But I was also pretty sure she was sleeping with my father.  It was the way he ignored me when she was around, brushed off my questions about how rainbows work to tell her dirty jokes.  And, of course, the time I saw Lisa giggling and running into my parents’ bedroom, with my dad chasing right behind her.

She stopped babysitting for us and went to get an associate’s degree in retail management.

But one morning she stopped by unexpectedly when my mother was away.  I was 13; I had lost 40 pounds and gotten a perm, and started wearing makeup and underperforming on science tests, all in an (ultimately doomed) effort to bootstrap myself into popularity.

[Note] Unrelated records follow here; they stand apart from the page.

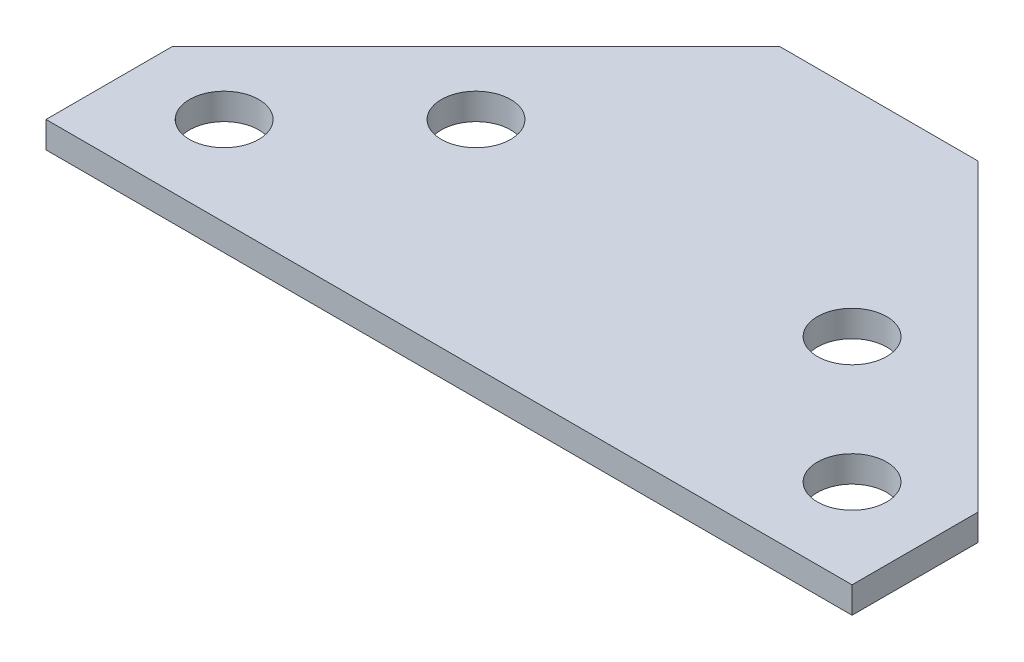
SolidWorks part; units mm, degrees
material "AISI 1020"
ref_plane "Спереди" through (0, 0, 0) normal (0, 0, 1) x (1, 0, 0)
ref_plane "Сверху" through (0, 0, 0) normal (0, 1, 0) x (1, 0, 0)
ref_plane "Справа" through (0, 0, 0) normal (1, 0, 0) x (0, 0, -1)
sketch "Эскиз1" plane through (0, 0, 0) normal (0, 1, 0) x (1, 0, 0)
  line L0 (-61.0919, 0) -> (61.0919, 0)
  line L1 (61.0919, 0) -> (61.0919, 19.0919)
  line L2 (61.0919, 19.0919) -> (15, 65.1838)
  line L3 (15, 65.1838) -> (-15, 65.1838)
  line L4 (-15, 65.1838) -> (-61.0919, 19.0919)
  line L5 (-61.0919, 19.0919) -> (-61.0919, 0)
  line L6 (0, 65.1838) -> (0, 0) construction
  line L7 (-15, 65.1838) -> (-15, 0) construction
  line L8 (-28.5, 32.5919) -> (-47.5919, 13.5) construction
  circle A0 centre (-47.5919, 13.5) radius 13.5 construction
  circle A1 centre (-28.5, 32.5919) radius 13.5 construction
  circle A2 centre (-28.5, 32.5919) radius 5.25
  circle A3 centre (-47.5919, 13.5) radius 5.25
  circle A4 centre (47.5919, 13.5) radius 5.25
  circle A5 centre (28.5, 32.5919) radius 5.25
  point P10 (0, 0)
  point P12 (0, 65.1838)
  dimension "D2" = 27
  dimension "D3" = 10.5
  dimension "D1" = 30
  dimension "D4" = 45
base flange "Базовая кромка1" sketch "Эскиз1" thickness 4 reverse thickness direction no parameters "D1"=0.75
sketch "Сгиб-Линии1" plane through (0, 0, 0) normal (0, 1, 0) x (1, 0, 0)
sketch "Граничная рамка1" plane through (0, 0, 0) normal (0, 1, 0) x (1, 0, 0)
sheet metal parameters "Листовой металл3" thickness 4 parameters "D1"=0.75
flat pattern "Развертка3"
sketch "Сгиб-Линии2" plane through (0, 0, 0) normal (0, 1, 0) x (1, 0, 0)
sketch3d "Граничная рамка2"
  line L0 (61.0919, 0, 0) -> (-61.0919, 0, 0) construction
  line L1 (61.0919, 65.1838, 0) -> (-61.0919, 65.1838, 0) construction
  line L2 (61.0919, 0, 0) -> (61.0919, 65.1838, 0) construction
  line L3 (-61.0919, 0, 0) -> (-61.0919, 65.1838, 0) construction

I was in the kitchen, leaning over with my hair hanging down, trying to tie one of my mother’s silk scarves around my head.  When Lisa came in and said, “Who are you?” I flipped my hair over, and said, confused, “It’s me.  It’s Elsa.”

She laughed.  “You look so much older.  I thought you were the new girl."  Which I interpreted to mean my father’s new mistress, but which maybe just meant the new babysitter.

It was nice to have people think I was older, but it was a little unsettling.  A reminder, along with my father saying, when we were out without my mom, "People probably think you’re my date,” that I was approaching the age of the girls he dated (Lisa had been sixteen when she started babysitting for us, and my mother told me later, she had been nervous about it, it just seemed risky to have such a beautiful underage girl in the house).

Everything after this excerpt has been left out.